= EXERCISE GOAL =
Your answer should be the lines below from the one holding "Q1: 40N06; TO-252-2" through the one holding "R4: DNP; R_1206_3216Metric_Pad1.30x1.75mm_HandSolder", copied exactly and with nothing else.

= RECORDS SHOWN =
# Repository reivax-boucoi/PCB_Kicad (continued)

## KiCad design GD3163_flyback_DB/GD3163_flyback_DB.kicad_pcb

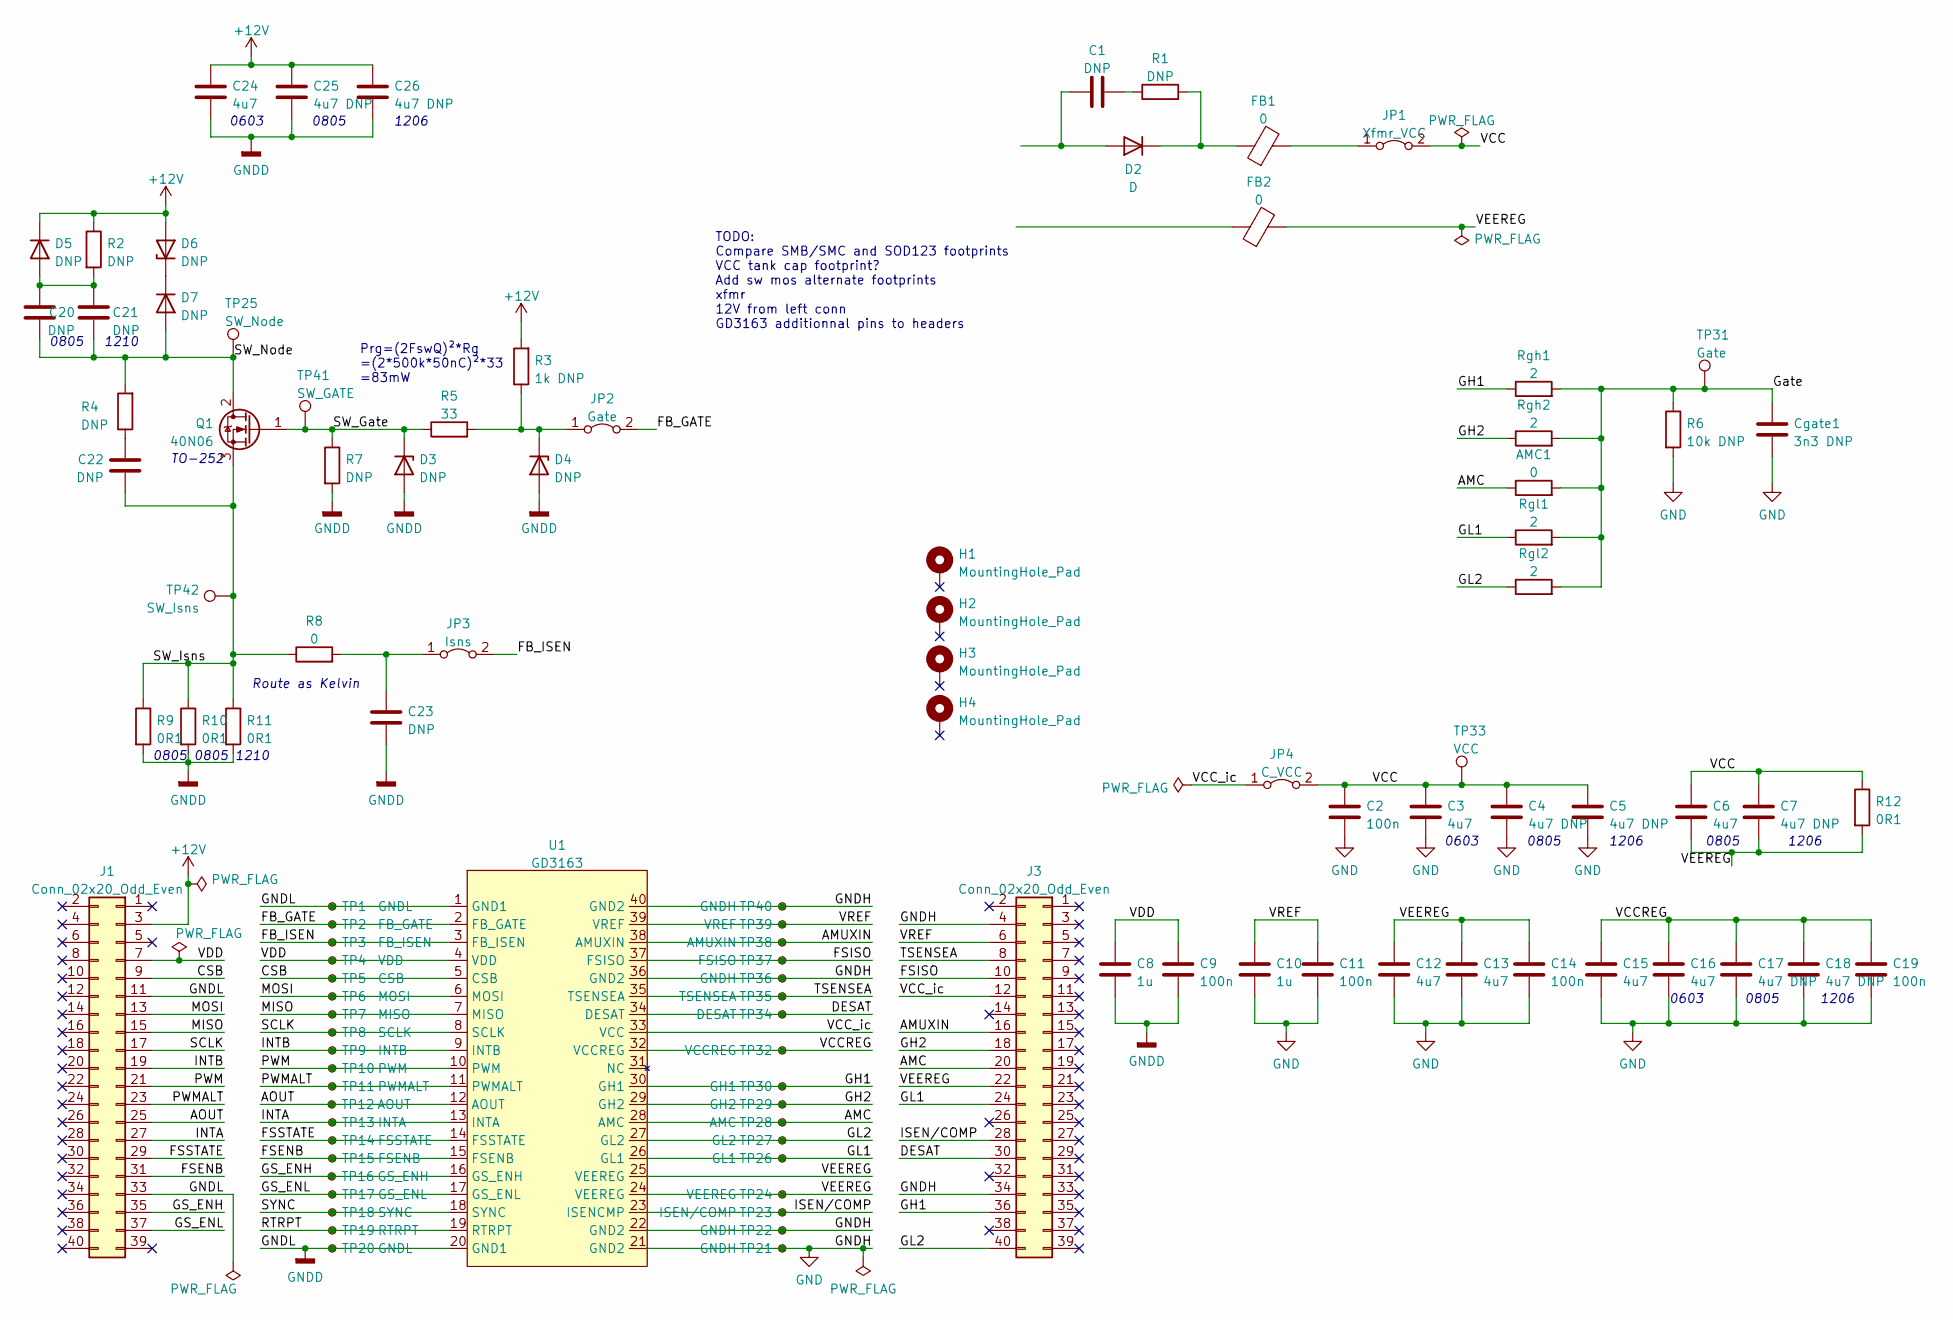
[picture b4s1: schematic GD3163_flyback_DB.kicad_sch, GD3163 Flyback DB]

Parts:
AMC1: 0; R_1206_3216Metric_Pad1.30x1.75mm_HandSolder
C1, C20, C22: DNP; C_0805_2012Metric_Pad1.18x1.45mm_HandSolder
C2, C9, C11, C14, C19: 100n; C_0603_1608Metric_Pad1.08x0.95mm_HandSolder
C3, C6, C12, C13, C15, C16, C24: 4u7; C_0603_1608Metric_Pad1.08x0.95mm_HandSolder
C4, C17, C25: 4u7 DNP; C_0805_2012Metric_Pad1.18x1.45mm_HandSolder
C5, C7, C18, C26: 4u7 DNP; C_1206_3216Metric_Pad1.33x1.80mm_HandSolder
C8, C10: 1u; C_0603_1608Metric_Pad1.08x0.95mm_HandSolder
C21: DNP; C_1210_3225Metric
C23: DNP; C_0603_1608Metric_Pad1.08x0.95mm_HandSolder
Cgate1: 3n3 DNP; C_0805_2012Metric_Pad1.18x1.45mm_HandSolder
D2: D; D_SMA-SMB_Universal_Handsoldering
D3, D4: DNP; D_SOD-323_HandSoldering
D5, D6, D7: DNP; D_SMA-SMB_Universal_Handsoldering
FB1, FB2: 0; L_0805_2012Metric_Pad1.05x1.20mm_HandSolder
H1, H2, H3, H4: MountingHole_Pad; MountingHole_4.3mm_M4_Pad_Via
J1, J3: Conn_02x20_Odd_Even; PinHeader_2x20_P2.54mm_Vertical
JP1: Xfmr_VCC; PinHeader_1x02_P2.54mm_Vertical
JP2: Gate; PinHeader_1x02_P2.54mm_Vertical
JP3: Isns; PinHeader_1x02_P2.54mm_Vertical
JP4: C_VCC; PinHeader_1x02_P2.54mm_Vertical
Q1: 40N06; TO-252-2
R1, R7: DNP; R_0805_2012Metric_Pad1.20x1.40mm_HandSolder
R2: DNP; R_1210_3225Metric_Pad1.30x2.65mm_HandSolder
R3: 1k DNP; R_0805_2012Metric_Pad1.20x1.40mm_HandSolder
R4: DNP; R_1206_3216Metric_Pad1.30x1.75mm_HandSolder
R5: 33; R_0805_2012Metric_Pad1.20x1.40mm_HandSolder
R6: 10k DNP; R_0805_2012Metric_Pad1.20x1.40mm_HandSolder
R8: 0; R_0805_2012Metric_Pad1.20x1.40mm_HandSolder
R9, R10: 0R1; R_0805_2012Metric_Pad1.20x1.40mm_HandSolder
R11: 0R1; R_1210_3225Metric_Pad1.30x2.65mm_HandSolder
R12: 0R1; R_SocketINSA_L6.3mm_D2.5mm_P10.16mm_Horizontal
Rgh1, Rgh2: 2; R_1206_3216Metric_Pad1.30x1.75mm_HandSolder
Rgl1, Rgl2: 2; R_1206_3216Metric_Pad1.30x1.75mm_HandSolder
TP1, TP20: GNDL; TestPoint_Keystone_5010-5014_Multipurpose
TP2: FB_GATE; TestPoint_Keystone_5010-5014_Multipurpose
TP3: FB_ISEN; TestPoint_Keystone_5010-5014_Multipurpose
TP4: VDD; TestPoint_Keystone_5010-5014_Multipurpose
TP5: CSB; TestPoint_Keystone_5010-5014_Multipurpose
TP6: MOSI; TestPoint_Keystone_5010-5014_Multipurpose
TP7: MISO; TestPoint_Keystone_5010-5014_Multipurpose
TP8: SCLK; TestPoint_Keystone_5010-5014_Multipurpose
TP9: INTB; TestPoint_Keystone_5010-5014_Multipurpose
TP10: PWM; TestPoint_Keystone_5010-5014_Multipurpose
TP11: PWMALT; TestPoint_Keystone_5010-5014_Multipurpose
TP12: AOUT; TestPoint_Keystone_5010-5014_Multipurpose
TP13: INTA; TestPoint_Keystone_5010-5014_Multipurpose
TP14: FSSTATE; TestPoint_Keystone_5010-5014_Multipurpose
TP15: FSENB; TestPoint_Keystone_5010-5014_Multipurpose
TP16: GS_ENH; TestPoint_Keystone_5010-5014_Multipurpose
TP17: GS_ENL; TestPoint_Keystone_5010-5014_Multipurpose
TP18: SYNC; TestPoint_Keystone_5010-5014_Multipurpose
TP19: RTRPT; TestPoint_Keystone_5010-5014_Multipurpose
TP21, TP22, TP36, TP40: GNDH; TestPoint_Keystone_5010-5014_Multipurpose
TP23: ISEN/COMP; TestPoint_Keystone_5010-5014_Multipurpose
TP24: VEEREG; TestPoint_Keystone_5010-5014_Multipurpose
TP25: SW_Node; TestPoint_Keystone_5010-5014_Multipurpose
TP26: GL1; TestPoint_Keystone_5010-5014_Multipurpose
TP27: GL2; TestPoint_Keystone_5010-5014_Multipurpose
TP28: AMC; TestPoint_Keystone_5010-5014_Multipurpose
TP29: GH2; TestPoint_Keystone_5010-5014_Multipurpose
TP30: GH1; TestPoint_Keystone_5010-5014_Multipurpose
TP31: Gate; TestPoint_Keystone_5010-5014_Multipurpose
TP32: VCCREG; TestPoint_Keystone_5010-5014_Multipurpose
TP33: VCC; TestPoint_Keystone_5010-5014_Multipurpose
TP34: DESAT; TestPoint_Keystone_5010-5014_Multipurpose
TP35: TSENSEA; TestPoint_Keystone_5010-5014_Multipurpose
TP37: FSISO; TestPoint_Keystone_5010-5014_Multipurpose
TP38: AMUXIN; TestPoint_Keystone_5010-5014_Multipurpose
TP39: VREF; TestPoint_Keystone_5010-5014_Multipurpose
TP41: SW_GATE; TestPoint_Keystone_5010-5014_Multipurpose
TP42: SW_Isns; TestPoint_Keystone_5010-5014_Multipurpose
U1: GD3163; GD3163_SOIC-40_1.575x0.3, 9.575w

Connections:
+12V: C24.1, C25.1, C26.1, D5.1 (K), D6.2 (A), J1.3, R2.1, R3.2
/AMC: AMC1.1, J3.20, TP28.1, U1.28 (AMC)
/AMUXIN: J3.16, TP38.1, U1.38 (AMUXIN)
/AOUT: J1.25, TP12.1, U1.12 (AOUT)
/CSB: J1.9, TP5.1, U1.5 (CSB)
/DESAT: J3.30, TP34.1, U1.34 (DESAT)
/FB_GATE: JP2.2 (B), TP2.1, U1.2 (FB_GATE)
/FB_ISEN: JP3.2 (B), TP3.1, U1.3 (FB_ISEN)
/FSENB: J1.31, TP15.1, U1.15 (FSENB)
/FSISO: J3.10, TP37.1, U1.37 (FSISO)
/FSSTATE: J1.29, TP14.1, U1.14 (FSSTATE)
/GH1: J3.36, Rgh1.1, TP30.1, U1.30 (GH1)
/GH2: J3.18, Rgh2.1, TP29.1, U1.29 (GH2)
/GL1: J3.24, Rgl1.1, TP26.1, U1.26 (GL1)
/GL2: J3.40, Rgl2.1, TP27.1, U1.27 (GL2)
/GS_ENH: J1.35, TP16.1, U1.16 (GS_ENH)
/GS_ENL: J1.37, TP17.1, U1.17 (GS_ENL)
/Gate: AMC1.2, Cgate1.1, R6.1, Rgh1.2, Rgh2.2, Rgl1.2, Rgl2.2, TP31.1
/INTA: J1.27, TP13.1, U1.13 (INTA)
/INTB: J1.19, TP9.1, U1.9 (INTB)
/ISEN/COMP: J3.28, TP23.1, U1.23 (ISENCMP)
/MISO: J1.15, TP7.1, U1.7 (MISO)
/MOSI: J1.13, TP6.1, U1.6 (MOSI)
/PWM: J1.21, TP10.1, U1.10 (PWM)
/PWMALT: J1.23, TP11.1, U1.11 (PWMALT)
/RTRPT: TP19.1, U1.19 (RTRPT)
/SCLK: J1.17, TP8.1, U1.8 (SCLK)
/SW_Gate: D3.1 (K), Q1.1 (G), R5.1, R7.1, TP41.1
/SW_Isns: C22.2, Q1.3 (S), R8.1, R9.1, R10.1, R11.1, TP42.1
/SW_Node: C20.2, C21.2, D7.2 (A), Q1.2 (D), R4.2, TP25.1
/SYNC: TP18.1, U1.18 (SYNC)
/TSENSEA: J3.8, TP35.1, U1.35 (TSENSEA)
/VCC: C2.1, C3.1, C4.1, C5.1, C6.1, C7.1, JP1.2 (B), JP4.2 (B), R12.1, TP33.1
/VCCREG: C15.1, C16.1, C17.1, C18.1, C19.1, TP32.1, U1.32 (VCCREG)
/VCC_ic: J3.12, JP4.1 (A), U1.33 (VCC)
/VDD: C8.1, C9.1, J1.7, TP4.1, U1.4 (VDD)
/VEEREG: C6.2, C7.2, C12.1, C13.1, C14.1, FB2.2, J3.22, R12.2, TP24.1, U1.24 (VEEREG), U1.25 (VEEREG)
/VREF: C10.1, C11.1, J3.6, TP39.1, U1.39 (VREF)
GND: C2.2, C3.2, C4.2, C5.2, C10.2, C11.2, C12.2, C13.2, C14.2, C15.2, C16.2, C17.2, C18.2, C19.2, Cgate1.2, J3.4, J3.34, R6.2, TP21.1, TP22.1, TP36.1, TP40.1, U1.21 (GND2), U1.22 (GND2), U1.36 (GND2), U1.40 (GND2)
GNDD: C8.2, C9.2, C23.2, C24.2, C25.2, C26.2, D3.2 (A), D4.2 (A), J1.11, J1.33, R7.2, R9.2, R10.2, R11.2, TP1.1, TP20.1, U1.1 (GND1), U1.20 (GND1)
unnamed: C1.1, D2.2 (A)
unnamed: C1.2, R1.1
unnamed: C20.1, C21.1, D5.2 (A), R2.2
unnamed: C22.1, R4.1
unnamed: C23.1, JP3.1 (A), R8.2
unnamed: D2.1 (K), FB1.1, R1.2
unnamed: D4.1 (K), JP2.1 (A), R3.1, R5.2
unnamed: D6.1 (K), D7.1 (K)
unnamed: FB1.2, JP1.1 (A)

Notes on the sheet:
0805 1210
0805 1206
0603 0805 1206
0805 0805 1210
TO-252
TODO: Compare SMB/SMC and SOD123 footprints VCC tank cap footprint? Add sw mos alternate footprints xfmr 12V from left conn GD3163 additionnal pins to headers
0603 0805 1206
Prg=(2FswQ)²*Rg =(2*500k*50nC)²*33 =83mW
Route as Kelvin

= ANSWER TO THIS EXERCISE =
Q1: 40N06; TO-252-2
R1, R7: DNP; R_0805_2012Metric_Pad1.20x1.40mm_HandSolder
R2: DNP; R_1210_3225Metric_Pad1.30x2.65mm_HandSolder
R3: 1k DNP; R_0805_2012Metric_Pad1.20x1.40mm_HandSolder
R4: DNP; R_1206_3216Metric_Pad1.30x1.75mm_HandSolder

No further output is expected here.